Among the entries below, take the line with "reset : Inport" and the line with "Switch2 : Switch", and output them and every line between them exactly, with nothing else.

»»

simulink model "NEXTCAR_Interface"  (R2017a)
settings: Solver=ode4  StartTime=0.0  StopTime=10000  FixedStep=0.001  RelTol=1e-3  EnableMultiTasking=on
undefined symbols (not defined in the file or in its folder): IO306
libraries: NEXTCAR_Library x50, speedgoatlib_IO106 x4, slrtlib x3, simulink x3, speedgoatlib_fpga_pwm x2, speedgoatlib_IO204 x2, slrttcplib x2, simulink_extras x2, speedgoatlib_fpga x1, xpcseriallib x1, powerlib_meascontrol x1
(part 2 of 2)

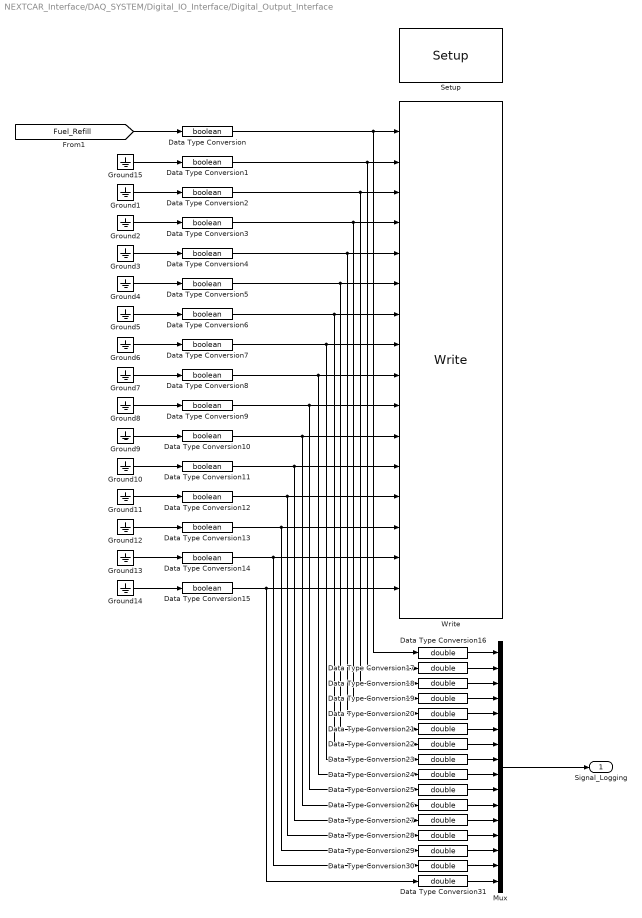
== system NEXTCAR_Interface/DAQ_SYSTEM/Digital_IO_Interface/Digital_Output_Interface ==
  Data Type Conversion{,1..15} (16 alike) : DataTypeConversion  OutDataTypeStr=boolean
  Data Type Conversion{16..31} (16 alike) : DataTypeConversion  OutDataTypeStr=double
  Ground{1..15} (15 alike) : Ground
  Mux : Mux  Inputs=16
  Setup : speedgoatlib_IO204/Setup  group=Module setup  id=1  pciSlot=-1  debounceEnable=off  debounceValue=0.001  reset=[0]  value=[0]
      settings: SourceProductName=Simulink Real-Time: Speedgoat I/O Driver Library
  Write : speedgoatlib_IO204/Write  id=1  portType=16 ports of type boolean  ts=-1  pciSlot=-1
      settings: SourceProductName=Simulink Real-Time: Speedgoat I/O Driver Library
  Signal_Logging : Outport
  wires:
  Ground9/1 -> Data Type Conversion10/1
  Ground12/1 -> Data Type Conversion13/1
  Ground13/1 -> Data Type Conversion14/1
  Ground4/1 -> Data Type Conversion5/1
  Ground7/1 -> Data Type Conversion8/1
  Ground14/1 -> Data Type Conversion15/1
  Ground11/1 -> Data Type Conversion12/1
  [Fuel_Refill] -> Data Type Conversion/1
  Ground10/1 -> Data Type Conversion11/1
  Ground15/1 -> Data Type Conversion1/1
  Ground8/1 -> Data Type Conversion9/1
  Ground2/1 -> Data Type Conversion3/1
  Ground3/1 -> Data Type Conversion4/1
  Ground5/1 -> Data Type Conversion6/1
  Data Type Conversion16/1 -> Mux/1
  Data Type Conversion18/1 -> Mux/3
  Data Type Conversion25/1 -> Mux/10
  Data Type Conversion27/1 -> Mux/12
  Data Type Conversion28/1 -> Mux/13
  Data Type Conversion2/1 -> Data Type Conversion18/1, Write/3
  Data Type Conversion9/1 -> Data Type Conversion25/1, Write/10
  Data Type Conversion17/1 -> Mux/2
  Ground6/1 -> Data Type Conversion7/1
  Data Type Conversion8/1 -> Data Type Conversion24/1, Write/9
  Data Type Conversion5/1 -> Data Type Conversion21/1, Write/6
  Data Type Conversion12/1 -> Data Type Conversion28/1, Write/13
  Data Type Conversion14/1 -> Data Type Conversion30/1, Write/15
  Data Type Conversion15/1 -> Data Type Conversion31/1, Write/16
  Data Type Conversion6/1 -> Data Type Conversion22/1, Write/7
  Data Type Conversion3/1 -> Data Type Conversion19/1, Write/4
  Ground1/1 -> Data Type Conversion2/1
  Data Type Conversion10/1 -> Data Type Conversion26/1, Write/11
  Mux/1 -> Signal_Logging/1
  Data Type Conversion19/1 -> Mux/4
  Data Type Conversion11/1 -> Data Type Conversion27/1, Write/12
  Data Type Conversion13/1 -> Data Type Conversion29/1, Write/14
  Data Type Conversion20/1 -> Mux/5
  Data Type Conversion21/1 -> Mux/6
  Data Type Conversion22/1 -> Mux/7
  Data Type Conversion4/1 -> Data Type Conversion20/1, Write/5
  Data Type Conversion1/1 -> Data Type Conversion17/1, Write/2
  Data Type Conversion23/1 -> Mux/8
  Data Type Conversion24/1 -> Mux/9
  Data Type Conversion/1 -> Data Type Conversion16/1, Write/1
  Data Type Conversion7/1 -> Data Type Conversion23/1, Write/8
  Data Type Conversion26/1 -> Mux/11
  Data Type Conversion29/1 -> Mux/14
  Data Type Conversion31/1 -> Mux/16
  Data Type Conversion30/1 -> Mux/15

== system NEXTCAR_Interface/DAQ_SYSTEM/Logging_Interface/CPL_Data_Logging ==
  Logging_Data : Inport
  Enable : EnablePort  StatesWhenEnabling=reset
  "Scope " : slrtlib/Displays and Logging/Scope   scopeno=3  scopetype=File  autostart=on  viewmode=Graphical redraw  formatstr='%15.6f'  grid=on  ylimits=[0,0]  nosamples=200000  noprepostsamples=0  interleave=1  triggermode=FreeRun  triggersignal=1  trigsignalfromport=on  triggerlevel=0.5  triggerslope=Rising  triggerscope=1  triggersample=0  filename=CplLog.dat  mode=Commit  writesize=512  autorestart=off  dynamicfilemode=off  maxwritefilesize=512*1024^2
  wires:
  Logging_Data/1 -> "Scope "/1

== system NEXTCAR_Interface/DAQ_SYSTEM/Logging_Interface/Timer ==
  incr_condition : Inport
  target_time : Inport  Port=2
  reset : Inport  Port=3
  Constant : Constant  Value=0
  Constant1 : Constant  Value=0
  Constant2 : Constant
  MinMax : MinMax  Inputs=2
  Relational Operator : RelationalOperator  Operator=<  OutDataTypeStr=boolean  RndMeth=Simplest
  Subtract : Sum
  Subtract1 : Sum  Inputs=-+
  Switch1 : Switch  Criteria=u2 > Threshold
  Switch2 : Switch  Criteria=u2 > Threshold
  Unit Delay : UnitDelay  SampleTime=-1
  timer_status : Outport
  wires:
  Switch1/1 -> Subtract/2
  Constant/1 -> Switch1/3
  incr_condition/1 -> Switch1/2
  Constant2/1 -> Relational Operator/2, Switch1/1
  Constant1/1 -> Switch2/1
  Switch2/1 -> Subtract1/1, Unit Delay/1
  Unit Delay/1 -> Subtract/1
  reset/1 -> Switch2/2
  MinMax/1 -> Switch2/3
  Subtract/1 -> MinMax/1
  target_time/1 -> Subtract1/2, MinMax/2
  Subtract1/1 -> Relational Operator/1
  Relational Operator/1 -> timer_status/1

== system NEXTCAR_Interface/DAQ_SYSTEM/Logging_Interface/Trigger2 ==
  System_Clock : Inport
  Constant : Constant
  Divide : Product  Inputs=*/
  Floor : Rounding
  Memory : Memory  InheritSampleTime=on
  Relational Operator : RelationalOperator  Operator=>  OutDataTypeStr=boolean  RndMeth=Simplest
  Trigger : Outport
  wires:
  System_Clock/1 -> Divide/1
  Relational Operator/1 -> Trigger/1
  Divide/1 -> Floor/1
  Memory/1 -> Relational Operator/2
  Constant/1 -> Divide/2
  Floor/1 -> Memory/1, Relational Operator/1

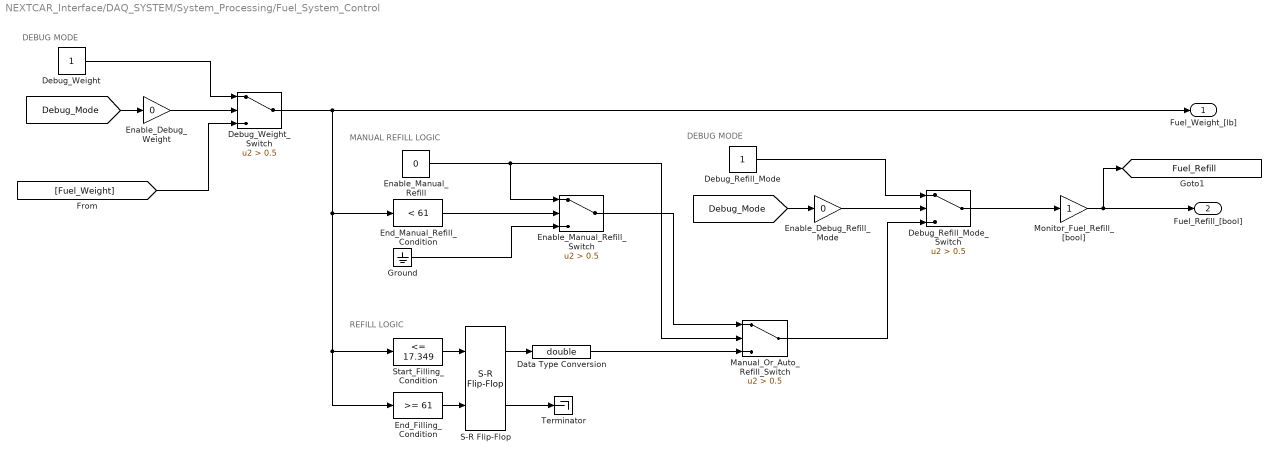
== system NEXTCAR_Interface/DAQ_SYSTEM/System_Processing/Fuel_System_Control ==
  note: REFILL LOGIC
  note: MANUAL REFILL LOGIC
  note: DEBUG MODE
  note: DEBUG MODE
  Data Type Conversion : DataTypeConversion  OutDataTypeStr=double
  Debug_Refill_Mode : Constant
  Debug_Refill_Mode_Switch : Switch  Criteria=u2 > Threshold  Threshold=0.5
  Debug_Weight : Constant
  Debug_Weight_Switch : Switch  Criteria=u2 > Threshold  Threshold=0.5
  Enable_Debug_Refill_Mode : Gain  Gain=0
  Enable_Debug_Weight : Gain  Gain=0
  Enable_Manual_Refill : Constant  Value=0  OutDataTypeStr=boolean
  Enable_Manual_Refill_Switch : Switch  Criteria=u2 > Threshold  Threshold=0.5
  End_Filling_Condition : simulink/Logic and Bit Operations/Compare To Constant  relop=>=  const=61  OutDataTypeStr=boolean
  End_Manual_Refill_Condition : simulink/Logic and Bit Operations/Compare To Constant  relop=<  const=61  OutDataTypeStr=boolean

««

Task response:
  reset : Inport  Port=3
  Constant : Constant  Value=0
  Constant1 : Constant  Value=0
  Constant2 : Constant
  MinMax : MinMax  Inputs=2
  Relational Operator : RelationalOperator  Operator=<  OutDataTypeStr=boolean  RndMeth=Simplest
  Subtract : Sum
  Subtract1 : Sum  Inputs=-+
  Switch1 : Switch  Criteria=u2 > Threshold
  Switch2 : Switch  Criteria=u2 > Threshold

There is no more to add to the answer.